_WHAT IS BEING ASKED_
Retype, word for word, every line of the records below starting at the one that contains "- Build using" and ending at the one that contains "- **CAN Monitor**: Provides"; include both of those lines and nothing more.

── RECORDS SHOWN

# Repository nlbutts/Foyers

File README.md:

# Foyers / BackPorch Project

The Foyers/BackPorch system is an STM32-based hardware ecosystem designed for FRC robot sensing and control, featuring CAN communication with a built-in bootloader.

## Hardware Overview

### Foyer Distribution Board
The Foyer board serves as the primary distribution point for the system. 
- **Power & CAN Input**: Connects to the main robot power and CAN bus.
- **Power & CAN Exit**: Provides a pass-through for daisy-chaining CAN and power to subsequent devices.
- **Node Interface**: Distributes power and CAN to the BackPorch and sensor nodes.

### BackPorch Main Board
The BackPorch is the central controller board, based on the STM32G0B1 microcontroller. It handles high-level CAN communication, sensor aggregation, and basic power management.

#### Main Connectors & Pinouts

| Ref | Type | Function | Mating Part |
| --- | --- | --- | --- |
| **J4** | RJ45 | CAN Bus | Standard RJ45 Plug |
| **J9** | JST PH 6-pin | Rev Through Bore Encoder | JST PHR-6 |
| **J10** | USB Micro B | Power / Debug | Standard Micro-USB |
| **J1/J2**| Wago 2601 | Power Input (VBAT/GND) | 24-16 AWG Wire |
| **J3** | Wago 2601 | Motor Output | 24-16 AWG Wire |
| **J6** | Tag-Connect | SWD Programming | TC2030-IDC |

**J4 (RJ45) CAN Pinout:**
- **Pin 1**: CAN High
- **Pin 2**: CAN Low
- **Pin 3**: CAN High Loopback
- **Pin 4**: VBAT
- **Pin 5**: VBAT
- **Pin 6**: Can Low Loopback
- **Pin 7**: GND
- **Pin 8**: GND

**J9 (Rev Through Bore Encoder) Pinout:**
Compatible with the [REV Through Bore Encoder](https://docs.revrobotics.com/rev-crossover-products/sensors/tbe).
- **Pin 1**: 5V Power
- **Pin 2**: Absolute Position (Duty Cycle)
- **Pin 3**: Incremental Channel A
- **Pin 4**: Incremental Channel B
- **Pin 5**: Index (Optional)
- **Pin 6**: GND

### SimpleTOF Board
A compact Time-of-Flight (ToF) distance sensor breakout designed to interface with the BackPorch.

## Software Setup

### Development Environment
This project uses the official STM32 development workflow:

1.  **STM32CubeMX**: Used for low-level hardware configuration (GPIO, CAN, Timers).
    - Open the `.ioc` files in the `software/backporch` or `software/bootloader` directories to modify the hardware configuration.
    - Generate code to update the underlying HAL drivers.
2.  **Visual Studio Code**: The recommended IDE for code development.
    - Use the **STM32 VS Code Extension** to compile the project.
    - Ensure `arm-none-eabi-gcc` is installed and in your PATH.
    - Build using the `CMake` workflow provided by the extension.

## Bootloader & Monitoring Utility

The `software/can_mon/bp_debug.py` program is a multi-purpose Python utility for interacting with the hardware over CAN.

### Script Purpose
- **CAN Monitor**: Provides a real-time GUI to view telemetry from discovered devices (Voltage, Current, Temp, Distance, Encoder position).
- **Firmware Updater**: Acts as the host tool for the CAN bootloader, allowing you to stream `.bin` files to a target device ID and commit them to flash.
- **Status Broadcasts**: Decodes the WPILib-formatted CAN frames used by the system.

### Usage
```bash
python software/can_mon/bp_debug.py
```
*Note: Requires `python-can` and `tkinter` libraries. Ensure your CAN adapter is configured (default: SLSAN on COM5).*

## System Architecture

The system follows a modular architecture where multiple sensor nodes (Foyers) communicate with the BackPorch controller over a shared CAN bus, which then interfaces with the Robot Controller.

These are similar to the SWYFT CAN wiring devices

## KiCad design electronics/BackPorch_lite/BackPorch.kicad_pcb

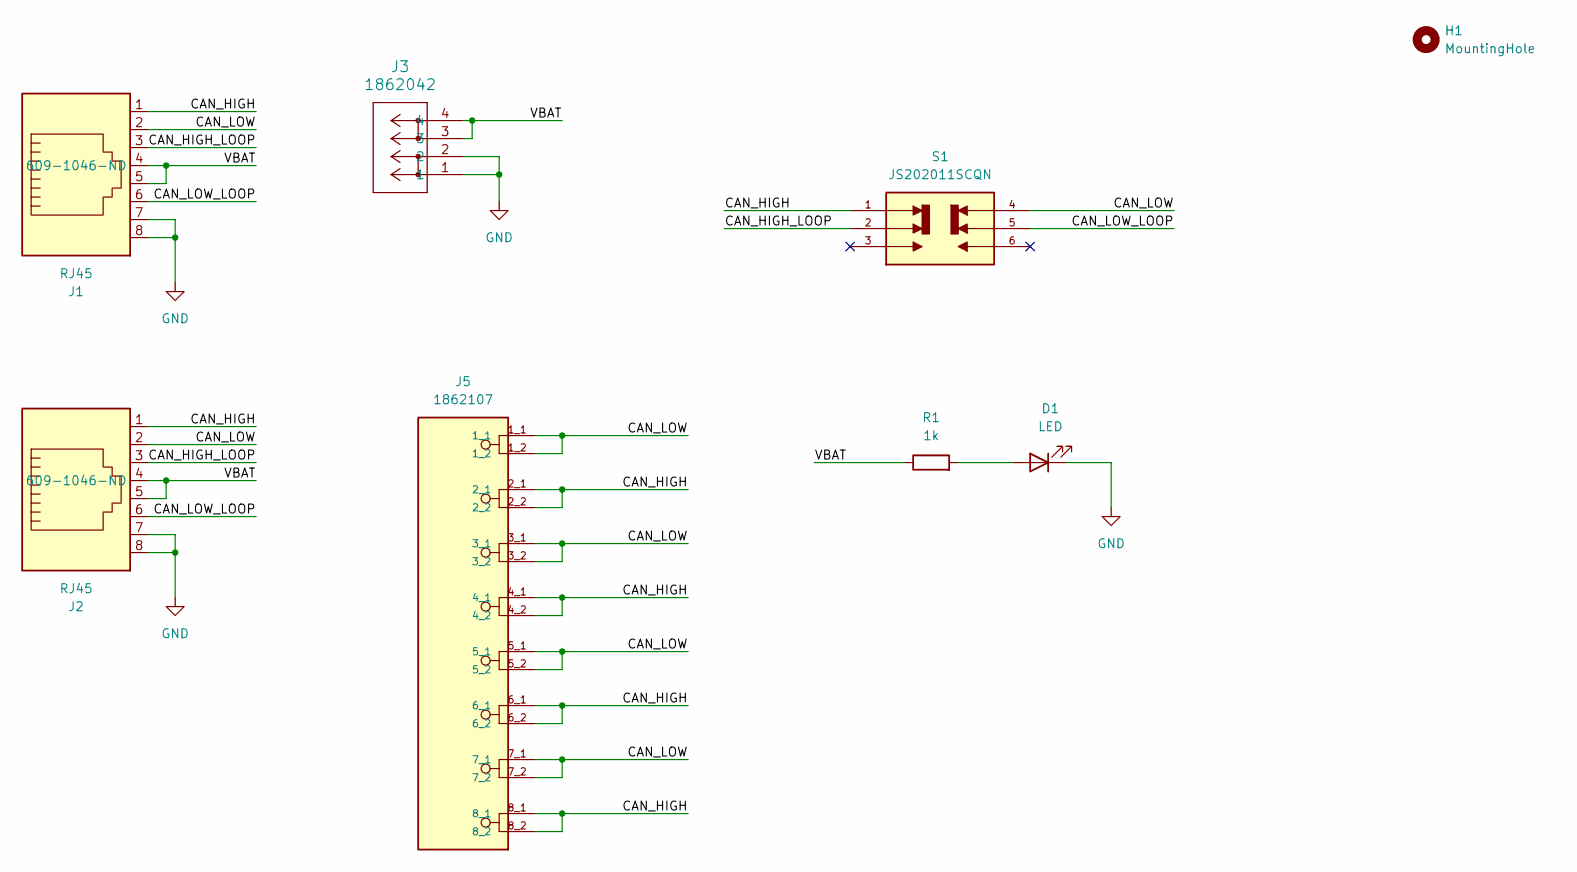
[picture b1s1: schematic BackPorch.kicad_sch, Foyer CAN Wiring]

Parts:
D1: LED; LED_0603_1608Metric_Pad1.05x0.95mm_HandSolder
H1: MountingHole; MountingHole_3.2mm_M3
J1, J2: RJ45; AMPHENOL_54602-908LF; Digikey 609-1046-ND
J3: 1862042; CONN_1862042
J5: 1862107; PHOENIX_1862107
R1: 1k; R_0603_1608Metric_Pad0.98x0.95mm_HandSolder
S1: JS202011SCQN; SW_JS202011SCQN; PARTREV 26 May 22

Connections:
/CAN_HIGH: J1.1, J2.1, J5.2_1, J5.2_2, J5.4_1, J5.4_2, J5.6_1, J5.6_2, J5.8_1, J5.8_2, S1.1
/CAN_HIGH_LOOP: J1.3, J2.3, S1.2
/CAN_LOW: J1.2, J2.2, J5.1_1, J5.1_2, J5.3_1, J5.3_2, J5.5_1, J5.5_2, J5.7_1, J5.7_2, S1.4
/CAN_LOW_LOOP: J1.6, J2.6, S1.5
/VBAT: J1.4, J1.5, J2.4, J2.5, J3.3, J3.4, R1.1
GND: D1.1 (K), J1.7, J1.8, J2.7, J2.8, J3.1, J3.2
unnamed: D1.2 (A), R1.2

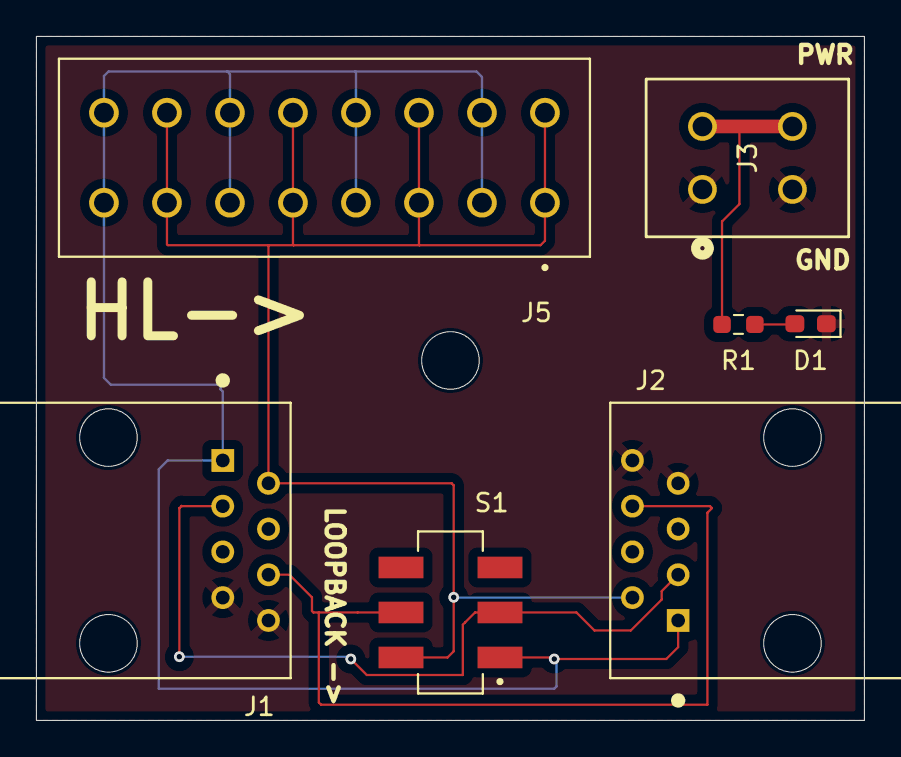
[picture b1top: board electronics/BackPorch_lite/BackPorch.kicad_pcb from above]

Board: 2 copper layers, 46.0 x 38.0 mm, 8 parts (0 on the bottom side), 7 nets.

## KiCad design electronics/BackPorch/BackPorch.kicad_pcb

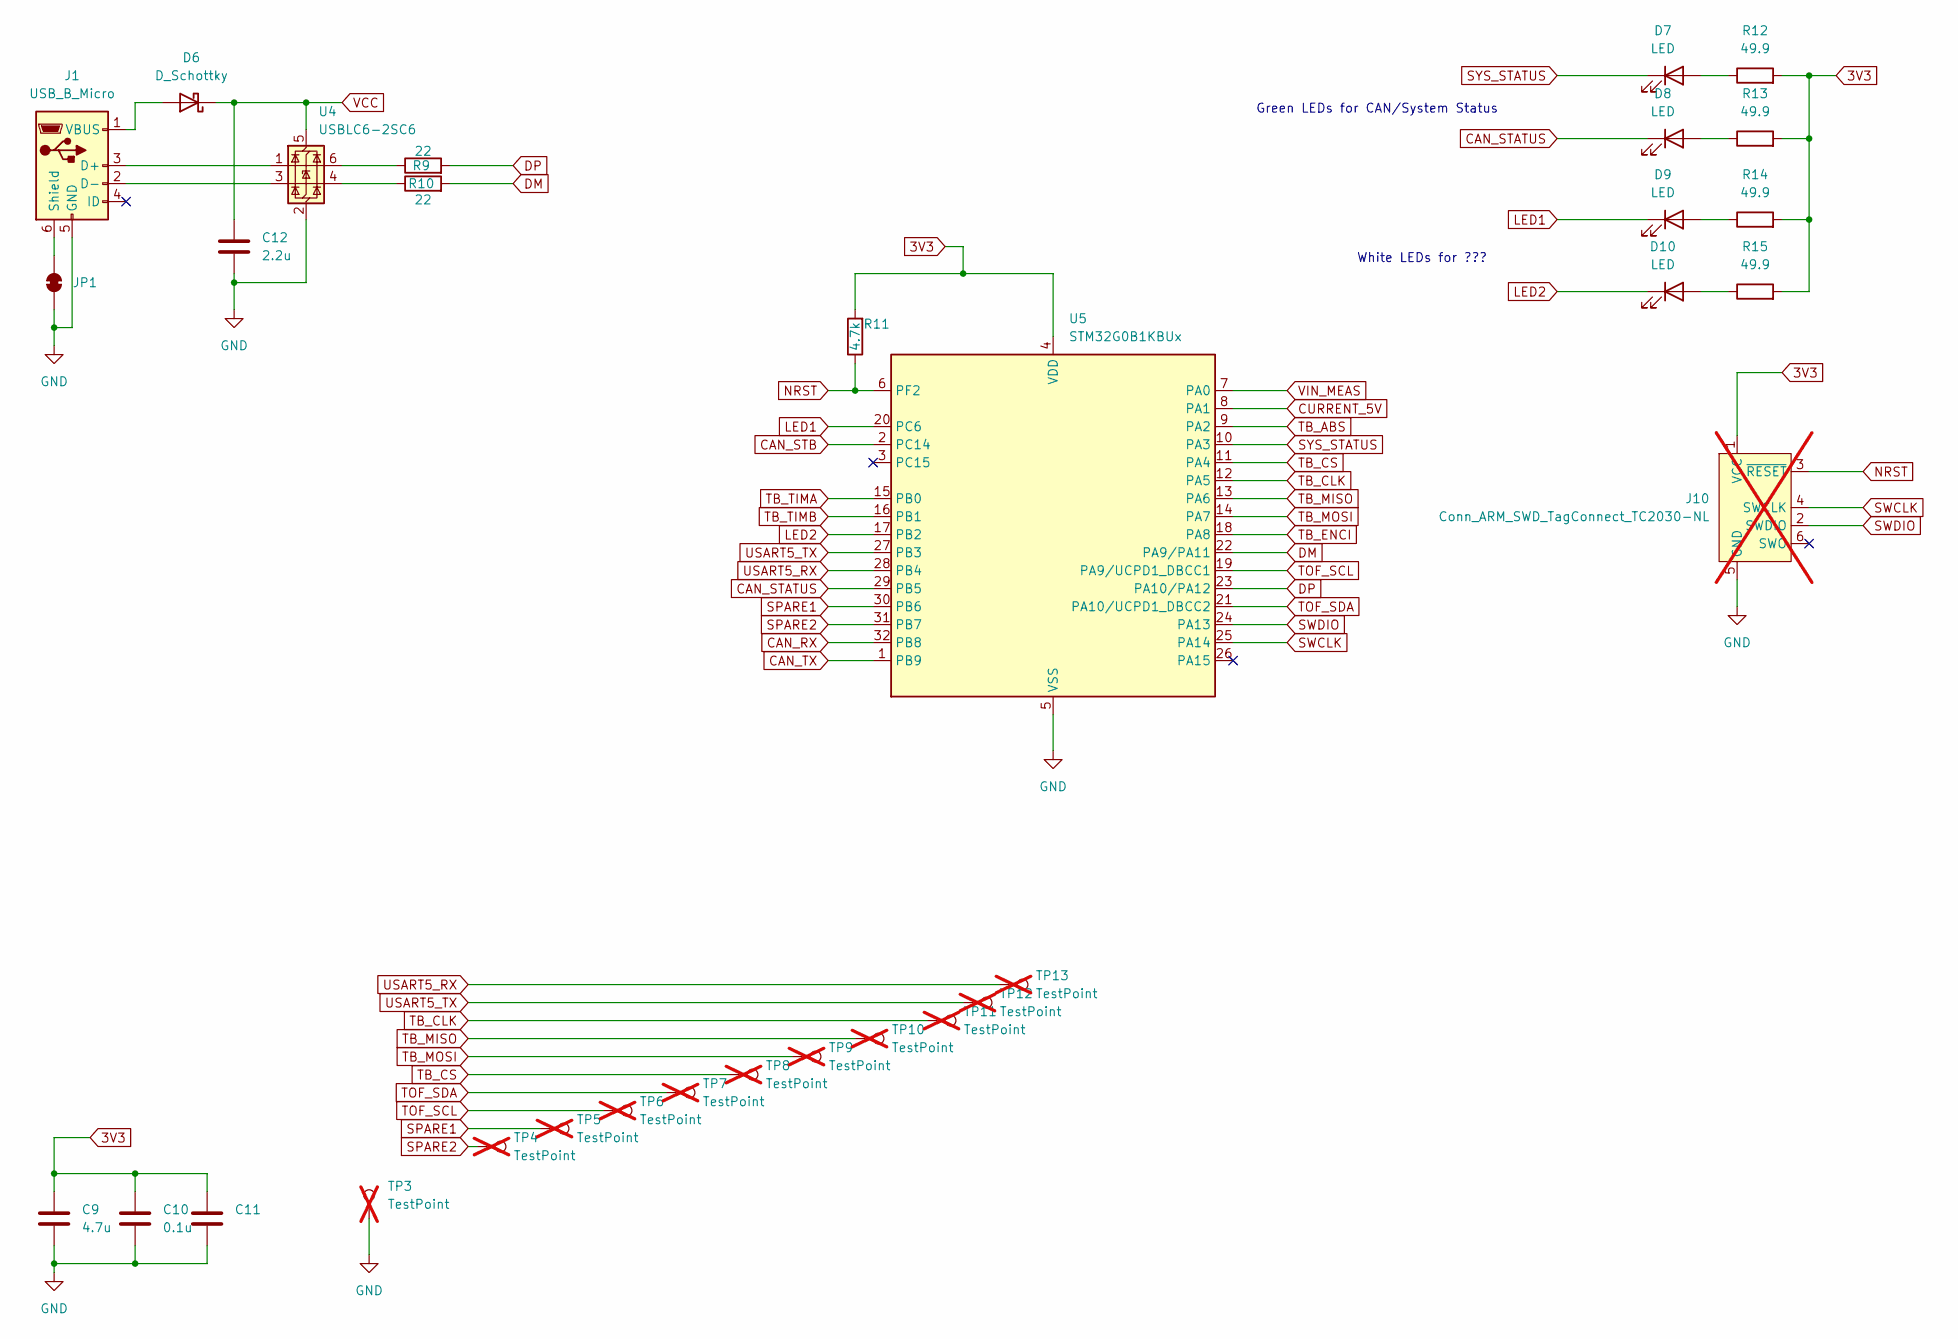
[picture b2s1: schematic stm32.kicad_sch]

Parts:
C9: 4.7u; C_0603_1608Metric; JLC C19666
C10, C11: 0.1u; C_0402_1005Metric; JLC C1525
C12: 2.2u; C_0603_1608Metric; JLC C23630
D6: D_Schottky; D_SOD-123; Digikey B0540W-FDICT-ND
D7, D8: LED; LED_0805_2012Metric; JLC C2297
D9, D10: LED; LED_0805_2012Metric; JLC C34499
J1: USB_B_Micro; USB_Micro-B_Amphenol_10118193-0001LF_Horizontal; JLC C132562
J10: Conn_ARM_SWD_TagConnect_TC2030-NL; Tag-Connect_TC2030-IDC-NL_2x03_P1.27mm_Vertical; not fitted
JP1: SolderJumper_2_Bridged; SolderJumper-2_P1.3mm_Bridged2Bar_RoundedPad1.0x1.5mm
R9, R10: 22; R_0402_1005Metric; JLC C25092
R11: 4.7k; R_0402_1005Metric; JLC C25900
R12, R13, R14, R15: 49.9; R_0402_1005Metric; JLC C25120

────

_SOLUTION_
    - Build using the `CMake` workflow provided by the extension.

## Bootloader & Monitoring Utility

The `software/can_mon/bp_debug.py` program is a multi-purpose Python utility for interacting with the hardware over CAN.

### Script Purpose
- **CAN Monitor**: Provides a real-time GUI to view telemetry from discovered devices (Voltage, Current, Temp, Distance, Encoder position).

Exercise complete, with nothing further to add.